• **PROBLEM REQUIREMENTS**
Take the material below and extract the lines from the one with "Demux2/5 -> Mux5/1" through the one with "Integrator1 : Integrator", word for word, without pictures.

• **MATERIAL SHOWN**
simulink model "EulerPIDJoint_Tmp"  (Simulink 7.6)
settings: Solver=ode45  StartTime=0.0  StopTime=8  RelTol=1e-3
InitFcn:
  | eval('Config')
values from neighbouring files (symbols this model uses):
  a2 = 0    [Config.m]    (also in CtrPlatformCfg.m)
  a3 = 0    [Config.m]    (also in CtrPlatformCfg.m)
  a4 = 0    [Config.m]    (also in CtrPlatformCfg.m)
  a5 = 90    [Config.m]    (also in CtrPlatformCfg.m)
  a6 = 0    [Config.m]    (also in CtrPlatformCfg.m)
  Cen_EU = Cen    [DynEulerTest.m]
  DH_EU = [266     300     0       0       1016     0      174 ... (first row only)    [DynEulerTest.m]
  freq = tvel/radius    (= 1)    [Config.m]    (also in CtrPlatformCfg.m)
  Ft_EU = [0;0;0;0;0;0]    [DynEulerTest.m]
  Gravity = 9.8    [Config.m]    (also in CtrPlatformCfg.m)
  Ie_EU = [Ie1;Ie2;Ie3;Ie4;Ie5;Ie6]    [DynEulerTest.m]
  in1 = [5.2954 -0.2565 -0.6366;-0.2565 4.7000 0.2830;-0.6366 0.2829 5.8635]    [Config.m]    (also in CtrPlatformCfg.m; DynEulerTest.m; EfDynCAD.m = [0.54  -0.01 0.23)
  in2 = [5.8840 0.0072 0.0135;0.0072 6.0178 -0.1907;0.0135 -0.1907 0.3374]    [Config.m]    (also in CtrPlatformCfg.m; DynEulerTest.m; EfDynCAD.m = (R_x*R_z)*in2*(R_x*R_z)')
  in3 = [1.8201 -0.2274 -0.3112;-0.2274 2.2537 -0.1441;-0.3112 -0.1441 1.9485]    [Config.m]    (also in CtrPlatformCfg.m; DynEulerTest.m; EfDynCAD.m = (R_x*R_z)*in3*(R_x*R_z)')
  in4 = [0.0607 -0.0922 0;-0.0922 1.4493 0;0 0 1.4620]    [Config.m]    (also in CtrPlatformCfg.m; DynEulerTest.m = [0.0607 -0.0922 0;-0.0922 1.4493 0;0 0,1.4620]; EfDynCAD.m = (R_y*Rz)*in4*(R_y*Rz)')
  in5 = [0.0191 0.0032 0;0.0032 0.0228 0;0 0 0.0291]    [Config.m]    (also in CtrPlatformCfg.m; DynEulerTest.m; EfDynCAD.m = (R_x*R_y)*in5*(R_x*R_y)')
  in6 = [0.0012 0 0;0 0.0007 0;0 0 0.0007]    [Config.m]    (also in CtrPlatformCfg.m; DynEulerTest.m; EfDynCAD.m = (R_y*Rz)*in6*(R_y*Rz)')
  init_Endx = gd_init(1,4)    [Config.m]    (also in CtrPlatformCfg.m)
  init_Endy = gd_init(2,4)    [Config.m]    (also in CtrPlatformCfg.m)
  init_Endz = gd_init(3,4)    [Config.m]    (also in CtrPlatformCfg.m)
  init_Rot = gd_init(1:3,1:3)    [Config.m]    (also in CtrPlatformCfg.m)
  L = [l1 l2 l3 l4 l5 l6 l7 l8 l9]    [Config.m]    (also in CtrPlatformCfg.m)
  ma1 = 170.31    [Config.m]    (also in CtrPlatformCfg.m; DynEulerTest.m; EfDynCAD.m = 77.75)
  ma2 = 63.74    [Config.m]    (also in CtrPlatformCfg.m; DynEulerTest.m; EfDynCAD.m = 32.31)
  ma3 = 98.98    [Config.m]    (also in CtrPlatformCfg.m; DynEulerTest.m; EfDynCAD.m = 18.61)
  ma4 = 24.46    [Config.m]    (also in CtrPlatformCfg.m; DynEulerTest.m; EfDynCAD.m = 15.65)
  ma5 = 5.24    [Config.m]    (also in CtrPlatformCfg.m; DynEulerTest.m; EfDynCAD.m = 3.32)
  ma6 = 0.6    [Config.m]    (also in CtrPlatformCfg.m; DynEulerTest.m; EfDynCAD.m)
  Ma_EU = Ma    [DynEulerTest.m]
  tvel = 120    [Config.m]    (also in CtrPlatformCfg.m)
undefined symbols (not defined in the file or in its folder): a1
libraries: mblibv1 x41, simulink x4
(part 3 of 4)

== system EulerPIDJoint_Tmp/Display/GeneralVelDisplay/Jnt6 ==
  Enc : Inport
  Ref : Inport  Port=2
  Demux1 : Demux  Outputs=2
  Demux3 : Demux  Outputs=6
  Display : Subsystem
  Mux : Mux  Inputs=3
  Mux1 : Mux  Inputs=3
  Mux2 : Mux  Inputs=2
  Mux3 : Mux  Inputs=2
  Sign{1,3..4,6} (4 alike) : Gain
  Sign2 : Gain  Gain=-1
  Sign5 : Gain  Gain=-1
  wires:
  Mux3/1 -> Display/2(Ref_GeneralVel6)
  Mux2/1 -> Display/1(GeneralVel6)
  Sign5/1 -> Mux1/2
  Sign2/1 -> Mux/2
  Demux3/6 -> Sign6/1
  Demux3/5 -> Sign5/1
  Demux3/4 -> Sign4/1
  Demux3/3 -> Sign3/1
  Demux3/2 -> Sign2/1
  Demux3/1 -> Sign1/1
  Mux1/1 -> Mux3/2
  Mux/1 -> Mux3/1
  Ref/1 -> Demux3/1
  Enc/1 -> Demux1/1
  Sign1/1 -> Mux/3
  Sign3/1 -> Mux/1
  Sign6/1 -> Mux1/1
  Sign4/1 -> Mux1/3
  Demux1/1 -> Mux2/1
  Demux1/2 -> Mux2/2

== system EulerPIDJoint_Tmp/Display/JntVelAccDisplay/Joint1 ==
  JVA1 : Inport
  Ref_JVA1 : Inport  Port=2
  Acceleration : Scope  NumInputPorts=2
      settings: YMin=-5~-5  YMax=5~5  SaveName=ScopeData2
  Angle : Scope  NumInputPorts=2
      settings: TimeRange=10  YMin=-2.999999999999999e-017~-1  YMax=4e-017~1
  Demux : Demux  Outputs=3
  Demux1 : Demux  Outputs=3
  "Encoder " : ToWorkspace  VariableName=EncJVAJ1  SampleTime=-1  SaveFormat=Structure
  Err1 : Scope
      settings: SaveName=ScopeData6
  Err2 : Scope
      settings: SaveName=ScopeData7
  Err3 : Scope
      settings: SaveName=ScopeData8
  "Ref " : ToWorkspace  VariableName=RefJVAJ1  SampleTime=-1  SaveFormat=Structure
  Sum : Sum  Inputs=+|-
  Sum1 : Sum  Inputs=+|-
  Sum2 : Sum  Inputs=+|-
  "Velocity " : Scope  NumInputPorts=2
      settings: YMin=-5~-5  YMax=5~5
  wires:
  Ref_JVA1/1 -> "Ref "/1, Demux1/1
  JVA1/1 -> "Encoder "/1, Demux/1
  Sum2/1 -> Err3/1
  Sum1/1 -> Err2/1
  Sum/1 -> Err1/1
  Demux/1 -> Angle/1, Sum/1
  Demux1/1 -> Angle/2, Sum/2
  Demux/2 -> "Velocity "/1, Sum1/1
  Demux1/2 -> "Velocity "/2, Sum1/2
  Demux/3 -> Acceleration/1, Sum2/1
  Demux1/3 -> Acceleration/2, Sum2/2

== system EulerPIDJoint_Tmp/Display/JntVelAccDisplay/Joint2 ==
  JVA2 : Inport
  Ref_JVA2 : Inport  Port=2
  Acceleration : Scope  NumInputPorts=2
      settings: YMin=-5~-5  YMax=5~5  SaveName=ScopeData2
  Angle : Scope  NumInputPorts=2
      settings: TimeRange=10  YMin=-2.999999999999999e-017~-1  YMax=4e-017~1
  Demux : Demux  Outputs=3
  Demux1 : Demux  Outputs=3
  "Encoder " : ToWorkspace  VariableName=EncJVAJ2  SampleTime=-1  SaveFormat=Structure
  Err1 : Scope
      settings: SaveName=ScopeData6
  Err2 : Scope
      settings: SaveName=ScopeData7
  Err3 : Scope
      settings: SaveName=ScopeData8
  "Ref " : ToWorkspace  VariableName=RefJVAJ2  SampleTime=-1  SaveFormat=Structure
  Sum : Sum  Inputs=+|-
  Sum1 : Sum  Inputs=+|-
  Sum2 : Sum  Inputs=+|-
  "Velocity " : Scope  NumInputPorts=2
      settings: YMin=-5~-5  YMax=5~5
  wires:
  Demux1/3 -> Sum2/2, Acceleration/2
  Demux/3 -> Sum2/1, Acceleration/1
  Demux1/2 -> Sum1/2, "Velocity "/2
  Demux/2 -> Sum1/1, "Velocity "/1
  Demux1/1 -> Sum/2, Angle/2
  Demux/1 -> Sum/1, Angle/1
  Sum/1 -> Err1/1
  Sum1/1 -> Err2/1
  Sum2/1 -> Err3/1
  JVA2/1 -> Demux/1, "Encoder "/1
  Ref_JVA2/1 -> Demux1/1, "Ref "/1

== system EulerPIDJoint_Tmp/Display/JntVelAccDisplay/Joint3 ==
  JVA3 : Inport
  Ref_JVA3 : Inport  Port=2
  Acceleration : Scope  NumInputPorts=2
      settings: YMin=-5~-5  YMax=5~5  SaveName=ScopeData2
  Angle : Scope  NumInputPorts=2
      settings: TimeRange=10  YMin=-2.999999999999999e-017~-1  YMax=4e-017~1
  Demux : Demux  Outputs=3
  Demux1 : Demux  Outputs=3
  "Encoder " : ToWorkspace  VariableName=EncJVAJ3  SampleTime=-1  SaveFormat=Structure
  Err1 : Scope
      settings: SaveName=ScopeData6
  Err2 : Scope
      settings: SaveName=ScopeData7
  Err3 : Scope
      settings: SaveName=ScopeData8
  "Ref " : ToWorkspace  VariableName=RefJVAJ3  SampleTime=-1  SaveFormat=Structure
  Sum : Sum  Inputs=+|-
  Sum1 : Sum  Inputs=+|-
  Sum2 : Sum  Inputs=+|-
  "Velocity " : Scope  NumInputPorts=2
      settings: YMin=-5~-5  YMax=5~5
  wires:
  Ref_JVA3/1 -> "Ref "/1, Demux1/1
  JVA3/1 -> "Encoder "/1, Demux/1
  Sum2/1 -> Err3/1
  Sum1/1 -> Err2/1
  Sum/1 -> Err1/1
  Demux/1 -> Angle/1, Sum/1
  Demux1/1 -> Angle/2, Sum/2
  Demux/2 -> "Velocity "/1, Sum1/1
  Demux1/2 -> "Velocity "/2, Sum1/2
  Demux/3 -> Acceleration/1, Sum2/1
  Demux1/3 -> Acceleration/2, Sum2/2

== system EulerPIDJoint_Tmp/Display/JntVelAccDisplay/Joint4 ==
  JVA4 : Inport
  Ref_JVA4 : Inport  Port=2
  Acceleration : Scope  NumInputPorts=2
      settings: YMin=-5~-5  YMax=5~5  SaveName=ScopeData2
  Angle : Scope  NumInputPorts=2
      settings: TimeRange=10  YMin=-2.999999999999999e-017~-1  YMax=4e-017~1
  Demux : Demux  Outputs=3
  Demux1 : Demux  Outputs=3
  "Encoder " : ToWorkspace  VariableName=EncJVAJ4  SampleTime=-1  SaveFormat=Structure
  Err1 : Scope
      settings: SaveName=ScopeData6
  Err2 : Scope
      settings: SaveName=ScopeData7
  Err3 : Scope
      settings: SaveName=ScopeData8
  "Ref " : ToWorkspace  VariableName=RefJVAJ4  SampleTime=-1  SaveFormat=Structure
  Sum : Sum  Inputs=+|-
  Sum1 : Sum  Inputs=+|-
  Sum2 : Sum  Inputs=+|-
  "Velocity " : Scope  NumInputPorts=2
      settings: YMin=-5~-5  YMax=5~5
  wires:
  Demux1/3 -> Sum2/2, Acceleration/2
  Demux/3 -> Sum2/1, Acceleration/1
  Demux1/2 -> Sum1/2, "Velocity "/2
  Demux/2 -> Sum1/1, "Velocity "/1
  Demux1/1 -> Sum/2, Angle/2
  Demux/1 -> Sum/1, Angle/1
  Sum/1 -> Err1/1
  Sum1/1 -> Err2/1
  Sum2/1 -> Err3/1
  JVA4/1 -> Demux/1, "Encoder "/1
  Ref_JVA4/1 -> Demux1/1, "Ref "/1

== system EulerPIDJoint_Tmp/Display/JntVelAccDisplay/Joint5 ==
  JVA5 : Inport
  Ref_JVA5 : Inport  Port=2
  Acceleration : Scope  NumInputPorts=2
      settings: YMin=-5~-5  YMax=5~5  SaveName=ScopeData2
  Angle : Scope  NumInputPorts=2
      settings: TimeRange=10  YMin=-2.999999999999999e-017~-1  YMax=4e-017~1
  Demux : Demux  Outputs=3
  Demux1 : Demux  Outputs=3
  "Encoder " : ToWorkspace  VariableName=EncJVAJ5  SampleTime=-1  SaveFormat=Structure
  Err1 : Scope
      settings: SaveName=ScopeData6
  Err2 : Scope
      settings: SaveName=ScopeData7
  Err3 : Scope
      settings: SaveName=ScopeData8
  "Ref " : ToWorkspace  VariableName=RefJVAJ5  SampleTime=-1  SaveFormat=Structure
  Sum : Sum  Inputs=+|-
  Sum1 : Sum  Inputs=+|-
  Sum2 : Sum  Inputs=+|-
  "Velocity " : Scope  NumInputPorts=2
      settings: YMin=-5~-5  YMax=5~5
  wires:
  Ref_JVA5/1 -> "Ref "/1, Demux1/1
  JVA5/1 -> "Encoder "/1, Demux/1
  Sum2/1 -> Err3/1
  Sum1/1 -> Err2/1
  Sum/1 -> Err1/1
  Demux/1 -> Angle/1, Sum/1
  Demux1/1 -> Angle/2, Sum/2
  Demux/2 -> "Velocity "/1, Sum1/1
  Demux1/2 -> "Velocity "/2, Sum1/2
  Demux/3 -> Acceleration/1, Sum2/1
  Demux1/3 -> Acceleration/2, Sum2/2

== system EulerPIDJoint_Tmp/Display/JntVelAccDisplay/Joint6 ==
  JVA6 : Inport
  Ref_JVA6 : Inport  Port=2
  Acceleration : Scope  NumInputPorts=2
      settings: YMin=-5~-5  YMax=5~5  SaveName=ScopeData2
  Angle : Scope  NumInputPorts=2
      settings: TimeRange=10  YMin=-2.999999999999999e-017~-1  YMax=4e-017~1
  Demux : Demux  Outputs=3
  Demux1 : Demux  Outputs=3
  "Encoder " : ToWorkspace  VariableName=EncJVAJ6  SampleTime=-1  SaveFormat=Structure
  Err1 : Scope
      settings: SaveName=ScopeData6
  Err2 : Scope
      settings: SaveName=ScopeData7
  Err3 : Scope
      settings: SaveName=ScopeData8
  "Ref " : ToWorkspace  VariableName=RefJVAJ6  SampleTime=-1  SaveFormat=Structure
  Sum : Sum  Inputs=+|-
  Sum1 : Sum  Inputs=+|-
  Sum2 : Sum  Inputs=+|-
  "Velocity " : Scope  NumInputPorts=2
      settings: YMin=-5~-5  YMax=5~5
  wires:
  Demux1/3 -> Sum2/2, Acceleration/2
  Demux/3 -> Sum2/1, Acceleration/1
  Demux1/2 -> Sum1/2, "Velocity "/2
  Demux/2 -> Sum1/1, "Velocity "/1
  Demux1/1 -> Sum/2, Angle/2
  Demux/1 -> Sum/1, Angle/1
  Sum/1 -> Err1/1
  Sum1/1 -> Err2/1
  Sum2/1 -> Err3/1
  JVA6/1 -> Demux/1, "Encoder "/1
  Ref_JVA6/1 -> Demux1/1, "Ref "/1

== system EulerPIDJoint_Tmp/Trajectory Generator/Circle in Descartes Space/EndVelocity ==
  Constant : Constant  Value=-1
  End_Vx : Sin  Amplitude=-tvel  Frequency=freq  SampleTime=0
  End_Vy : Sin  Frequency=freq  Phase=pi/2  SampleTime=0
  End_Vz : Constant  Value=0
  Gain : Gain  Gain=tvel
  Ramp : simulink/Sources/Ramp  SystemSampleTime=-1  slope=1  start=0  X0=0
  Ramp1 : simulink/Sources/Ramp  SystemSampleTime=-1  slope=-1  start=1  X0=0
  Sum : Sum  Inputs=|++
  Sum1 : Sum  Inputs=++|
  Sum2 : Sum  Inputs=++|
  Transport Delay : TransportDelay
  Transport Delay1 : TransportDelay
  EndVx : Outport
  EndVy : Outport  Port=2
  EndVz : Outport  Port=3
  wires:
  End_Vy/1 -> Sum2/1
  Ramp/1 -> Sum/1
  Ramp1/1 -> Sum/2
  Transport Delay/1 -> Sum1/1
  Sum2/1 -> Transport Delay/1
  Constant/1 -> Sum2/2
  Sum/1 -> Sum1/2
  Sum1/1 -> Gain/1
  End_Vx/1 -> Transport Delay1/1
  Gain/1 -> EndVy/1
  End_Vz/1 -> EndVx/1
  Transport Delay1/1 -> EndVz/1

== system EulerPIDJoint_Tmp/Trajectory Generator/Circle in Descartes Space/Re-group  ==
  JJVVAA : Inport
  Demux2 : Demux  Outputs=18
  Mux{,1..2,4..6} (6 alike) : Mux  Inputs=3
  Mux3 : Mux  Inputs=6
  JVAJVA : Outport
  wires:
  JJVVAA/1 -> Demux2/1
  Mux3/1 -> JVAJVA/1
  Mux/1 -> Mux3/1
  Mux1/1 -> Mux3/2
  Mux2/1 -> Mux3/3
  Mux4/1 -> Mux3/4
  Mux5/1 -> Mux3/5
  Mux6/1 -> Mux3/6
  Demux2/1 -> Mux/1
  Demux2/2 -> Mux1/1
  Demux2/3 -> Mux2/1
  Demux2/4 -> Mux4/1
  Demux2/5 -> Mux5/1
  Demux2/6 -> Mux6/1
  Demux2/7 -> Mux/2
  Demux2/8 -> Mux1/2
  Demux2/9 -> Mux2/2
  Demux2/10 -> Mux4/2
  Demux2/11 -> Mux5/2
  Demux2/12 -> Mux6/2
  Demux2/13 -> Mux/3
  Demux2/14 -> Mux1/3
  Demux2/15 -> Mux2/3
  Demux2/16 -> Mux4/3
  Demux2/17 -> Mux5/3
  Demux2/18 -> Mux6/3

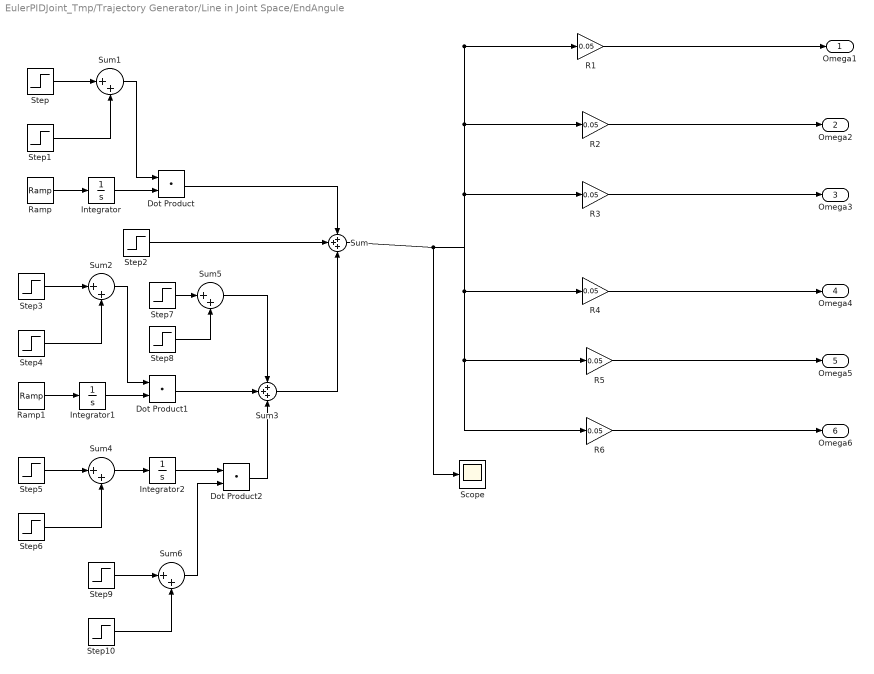
== system EulerPIDJoint_Tmp/Trajectory Generator/Line in Joint Space/EndAngule ==
  Dot Product : DotProduct  InputSameDT=on  OutDataTypeStr=Inherit: Inherit via internal rule
  Dot Product1 : DotProduct  InputSameDT=on  OutDataTypeStr=Inherit: Inherit via internal rule
  Dot Product2 : DotProduct  InputSameDT=on  OutDataTypeStr=Inherit: Inherit via internal rule
  Integrator : Integrator
  Integrator1 : Integrator
  Integrator2 : Integrator
  R{1..6} (6 alike) : Gain  Gain=0.05
  Ramp : simulink/Sources/Ramp  SystemSampleTime=-1  slope=1  start=0  X0=0
  Ramp1 : simulink/Sources/Ramp  SystemSampleTime=-1  slope=-1  start=0  X0=0
  Scope : Scope
      settings: SaveName=ScopeData21
  Step : Step  After=-1  SampleTime=0
  Step1 : Step  Time=0  SampleTime=0
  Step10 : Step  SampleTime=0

• **ANSWER SECTION**
  Demux2/5 -> Mux5/1
  Demux2/6 -> Mux6/1
  Demux2/7 -> Mux/2
  Demux2/8 -> Mux1/2
  Demux2/9 -> Mux2/2
  Demux2/10 -> Mux4/2
  Demux2/11 -> Mux5/2
  Demux2/12 -> Mux6/2
  Demux2/13 -> Mux/3
  Demux2/14 -> Mux1/3
  Demux2/15 -> Mux2/3
  Demux2/16 -> Mux4/3
  Demux2/17 -> Mux5/3
  Demux2/18 -> Mux6/3

== system EulerPIDJoint_Tmp/Trajectory Generator/Line in Joint Space/EndAngule ==
  Dot Product : DotProduct  InputSameDT=on  OutDataTypeStr=Inherit: Inherit via internal rule
  Dot Product1 : DotProduct  InputSameDT=on  OutDataTypeStr=Inherit: Inherit via internal rule
  Dot Product2 : DotProduct  InputSameDT=on  OutDataTypeStr=Inherit: Inherit via internal rule
  Integrator : Integrator
  Integrator1 : Integrator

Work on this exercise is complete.